Game Review

by Heidi Kemps,

Planetarian

PC

Description:
Review: Planetarian
In this kinetic novel, readers discover a cheerful robot girl - and the planetarium she tends - amidst the ruins of a ruined, war-torn city and a ravaged Earth.
Review:

Yumemi is possibly the best employee anyone could ask for. She's cute, polite, and cares deeply for each and every customer that sets foot in the planetarium at the top of the giant Flowercrest department store. She's also exceptionally knowledgeable about the displays of stars and heavenly bodies. Of course, this is likely due to her programming for than anything – for Yumemi isn't actually human, but a robot tailored especially for the purpose of running presentations at the Flowercrest planetarium, a job she's handled expertly for several decades.
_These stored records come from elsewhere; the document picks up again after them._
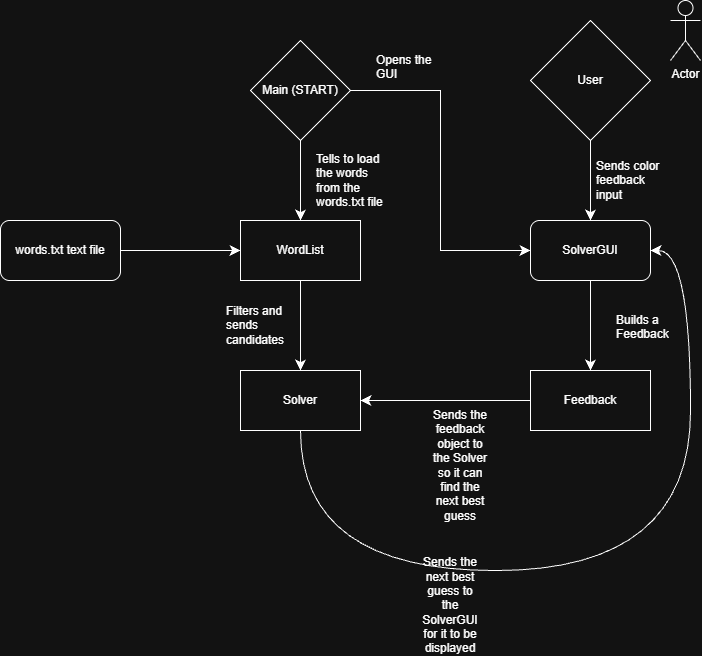

The diagram above was exported from draw.io. Its source (the exported page's mxGraphModel, read from the mxfile embedded in the PNG):
<mxGraphModel dx="719" dy="1049" grid="1" gridSize="10" guides="1" tooltips="1" connect="1" arrows="1" fold="1" page="1" pageScale="1" pageWidth="850" pageHeight="1100" math="0" shadow="0">
  <root>
    <mxCell id="0" />
    <mxCell id="1" parent="0" />
    <mxCell id="sbG-V_w21_RWYEJJXzGs-5" edge="1" parent="1" source="sbG-V_w21_RWYEJJXzGs-1" style="edgeStyle=none;curved=1;rounded=0;orthogonalLoop=1;jettySize=auto;html=1;entryX=0;entryY=0.5;entryDx=0;entryDy=0;fontSize=12;startSize=8;endSize=8;" target="sbG-V_w21_RWYEJJXzGs-2">
      <mxGeometry relative="1" as="geometry" />
    </mxCell>
    <mxCell id="sbG-V_w21_RWYEJJXzGs-1" parent="1" style="rounded=1;whiteSpace=wrap;html=1;" value="words.txt text file" vertex="1">
      <mxGeometry height="60" width="120" x="140" y="480" as="geometry" />
    </mxCell>
    <mxCell id="sbG-V_w21_RWYEJJXzGs-11" edge="1" parent="1" source="sbG-V_w21_RWYEJJXzGs-2" style="edgeStyle=none;curved=1;rounded=0;orthogonalLoop=1;jettySize=auto;html=1;entryX=0.5;entryY=0;entryDx=0;entryDy=0;fontSize=12;startSize=8;endSize=8;" target="sbG-V_w21_RWYEJJXzGs-10">
      <mxGeometry relative="1" as="geometry" />
    </mxCell>
    <mxCell id="sbG-V_w21_RWYEJJXzGs-2" parent="1" style="rounded=0;whiteSpace=wrap;html=1;" value="WordList" vertex="1">
      <mxGeometry height="60" width="120" x="380" y="480" as="geometry" />
    </mxCell>
    <mxCell id="sbG-V_w21_RWYEJJXzGs-4" edge="1" parent="1" source="sbG-V_w21_RWYEJJXzGs-3" style="edgeStyle=none;curved=1;rounded=0;orthogonalLoop=1;jettySize=auto;html=1;fontSize=12;startSize=8;endSize=8;" target="sbG-V_w21_RWYEJJXzGs-2">
      <mxGeometry relative="1" as="geometry" />
    </mxCell>
    <mxCell id="sbG-V_w21_RWYEJJXzGs-14" edge="1" parent="1" source="sbG-V_w21_RWYEJJXzGs-3" style="edgeStyle=orthogonalEdgeStyle;rounded=0;orthogonalLoop=1;jettySize=auto;html=1;entryX=0;entryY=0.5;entryDx=0;entryDy=0;fontSize=12;startSize=8;endSize=8;" target="sbG-V_w21_RWYEJJXzGs-8">
      <mxGeometry relative="1" as="geometry" />
    </mxCell>
    <mxCell id="sbG-V_w21_RWYEJJXzGs-3" parent="1" style="rhombus;whiteSpace=wrap;html=1;" value="Main (START)" vertex="1">
      <mxGeometry height="100" width="100" x="390" y="300" as="geometry" />
    </mxCell>
    <mxCell id="sbG-V_w21_RWYEJJXzGs-16" edge="1" parent="1" source="sbG-V_w21_RWYEJJXzGs-6" style="edgeStyle=none;curved=1;rounded=0;orthogonalLoop=1;jettySize=auto;html=1;fontSize=12;startSize=8;endSize=8;" target="sbG-V_w21_RWYEJJXzGs-8">
      <mxGeometry relative="1" as="geometry" />
    </mxCell>
    <mxCell id="sbG-V_w21_RWYEJJXzGs-6" parent="1" style="rhombus;whiteSpace=wrap;html=1;" value="User" vertex="1">
      <mxGeometry height="120" width="120" x="670" y="280" as="geometry" />
    </mxCell>
    <mxCell id="sbG-V_w21_RWYEJJXzGs-7" parent="1" style="shape=umlActor;verticalLabelPosition=bottom;verticalAlign=top;html=1;outlineConnect=0;" value="Actor" vertex="1">
      <mxGeometry height="60" width="30" x="810" y="260" as="geometry" />
    </mxCell>
    <mxCell id="sbG-V_w21_RWYEJJXzGs-18" edge="1" parent="1" source="sbG-V_w21_RWYEJJXzGs-8" style="edgeStyle=none;curved=1;rounded=0;orthogonalLoop=1;jettySize=auto;html=1;entryX=0.5;entryY=0;entryDx=0;entryDy=0;fontSize=12;startSize=8;endSize=8;" target="sbG-V_w21_RWYEJJXzGs-9">
      <mxGeometry relative="1" as="geometry" />
    </mxCell>
    <mxCell id="sbG-V_w21_RWYEJJXzGs-8" parent="1" style="rounded=1;whiteSpace=wrap;html=1;" value="SolverGUI" vertex="1">
      <mxGeometry height="60" width="120" x="670" y="480" as="geometry" />
    </mxCell>
    <mxCell id="sbG-V_w21_RWYEJJXzGs-20" edge="1" parent="1" source="sbG-V_w21_RWYEJJXzGs-9" style="edgeStyle=none;curved=1;rounded=0;orthogonalLoop=1;jettySize=auto;html=1;entryX=1;entryY=0.5;entryDx=0;entryDy=0;fontSize=12;startSize=8;endSize=8;" target="sbG-V_w21_RWYEJJXzGs-10">
      <mxGeometry relative="1" as="geometry" />
    </mxCell>
    <mxCell id="sbG-V_w21_RWYEJJXzGs-9" parent="1" style="rounded=0;whiteSpace=wrap;html=1;" value="Feedback" vertex="1">
      <mxGeometry height="60" width="120" x="670" y="630" as="geometry" />
    </mxCell>
    <mxCell id="sbG-V_w21_RWYEJJXzGs-22" edge="1" parent="1" source="sbG-V_w21_RWYEJJXzGs-10" style="edgeStyle=orthogonalEdgeStyle;rounded=0;orthogonalLoop=1;jettySize=auto;html=1;entryX=1;entryY=0.5;entryDx=0;entryDy=0;fontSize=12;startSize=8;endSize=8;curved=1;exitX=0.5;exitY=1;exitDx=0;exitDy=0;" target="sbG-V_w21_RWYEJJXzGs-8">
      <mxGeometry relative="1" as="geometry">
        <Array as="points">
          <mxPoint x="440" y="830" />
          <mxPoint x="830" y="830" />
          <mxPoint x="830" y="510" />
        </Array>
        <mxPoint x="520" y="860" as="sourcePoint" />
        <mxPoint x="810" y="710" as="targetPoint" />
      </mxGeometry>
    </mxCell>
    <mxCell id="sbG-V_w21_RWYEJJXzGs-10" parent="1" style="rounded=0;whiteSpace=wrap;html=1;" value="Solver" vertex="1">
      <mxGeometry height="60" width="120" x="380" y="630" as="geometry" />
    </mxCell>
    <mxCell id="sbG-V_w21_RWYEJJXzGs-12" parent="1" style="text;strokeColor=none;fillColor=none;align=left;verticalAlign=middle;spacingLeft=4;spacingRight=4;overflow=hidden;points=[[0,0.5],[1,0.5]];portConstraint=eastwest;rotatable=0;whiteSpace=wrap;html=1;" value="Filters and sends candidates" vertex="1">
      <mxGeometry height="70" width="80" x="360" y="550" as="geometry" />
    </mxCell>
    <mxCell id="sbG-V_w21_RWYEJJXzGs-13" parent="1" style="text;strokeColor=none;fillColor=none;align=left;verticalAlign=middle;spacingLeft=4;spacingRight=4;overflow=hidden;points=[[0,0.5],[1,0.5]];portConstraint=eastwest;rotatable=0;whiteSpace=wrap;html=1;" value="Tells to load the words from the words.txt file" vertex="1">
      <mxGeometry height="80" width="80" x="450" y="400" as="geometry" />
    </mxCell>
    <mxCell id="sbG-V_w21_RWYEJJXzGs-15" parent="1" style="text;strokeColor=none;fillColor=none;align=left;verticalAlign=middle;spacingLeft=4;spacingRight=4;overflow=hidden;points=[[0,0.5],[1,0.5]];portConstraint=eastwest;rotatable=0;whiteSpace=wrap;html=1;" value="Opens the GUI" vertex="1">
      <mxGeometry height="30" width="80" x="510" y="310" as="geometry" />
    </mxCell>
    <mxCell id="sbG-V_w21_RWYEJJXzGs-17" parent="1" style="text;strokeColor=none;fillColor=none;align=left;verticalAlign=middle;spacingLeft=4;spacingRight=4;overflow=hidden;points=[[0,0.5],[1,0.5]];portConstraint=eastwest;rotatable=0;whiteSpace=wrap;html=1;" value="Sends color feedback input" vertex="1">
      <mxGeometry height="50" width="80" x="730" y="415" as="geometry" />
    </mxCell>
    <mxCell id="sbG-V_w21_RWYEJJXzGs-19" parent="1" style="text;strokeColor=none;fillColor=none;align=left;verticalAlign=middle;spacingLeft=4;spacingRight=4;overflow=hidden;points=[[0,0.5],[1,0.5]];portConstraint=eastwest;rotatable=0;whiteSpace=wrap;html=1;" value="Builds a Feedback object&amp;nbsp;" vertex="1">
      <mxGeometry height="30" width="80" x="750" y="570" as="geometry" />
    </mxCell>
    <mxCell id="sbG-V_w21_RWYEJJXzGs-21" parent="1" style="text;html=1;whiteSpace=wrap;strokeColor=none;fillColor=none;align=center;verticalAlign=middle;rounded=0;" value="Sends the feedback object to the Solver so it can find the next best guess" vertex="1">
      <mxGeometry height="30" width="60" x="570" y="710" as="geometry" />
    </mxCell>
    <mxCell id="sbG-V_w21_RWYEJJXzGs-24" parent="1" style="text;html=1;whiteSpace=wrap;strokeColor=none;fillColor=none;align=center;verticalAlign=middle;rounded=0;" value="Sends the next best guess to the SolverGUI for it to be displayed" vertex="1">
      <mxGeometry height="30" width="60" x="560" y="850" as="geometry" />
    </mxCell>
  </root>
</mxGraphModel>

But the last few decades have been exceptionally quiet. Unbeknownst to Yumemi's robotic consciousness, a great war has ravaged the earth, and a bioweapon strike thirty-odd years ago has left the city as an abandoned husk, populated only by roving, mindless mechanical weapons. The smattering of humanity that still exists on planet Earth fights for their lives, shielding themselves against the ever-falling poisonous rain while risking everything to scavenge the ruins of cities for scant valuables. Yet every day that Yumemi is operational, she calls out to customers who never come, imploring them to visit the planetarium. And then one fateful day, a new “customer” actually comes…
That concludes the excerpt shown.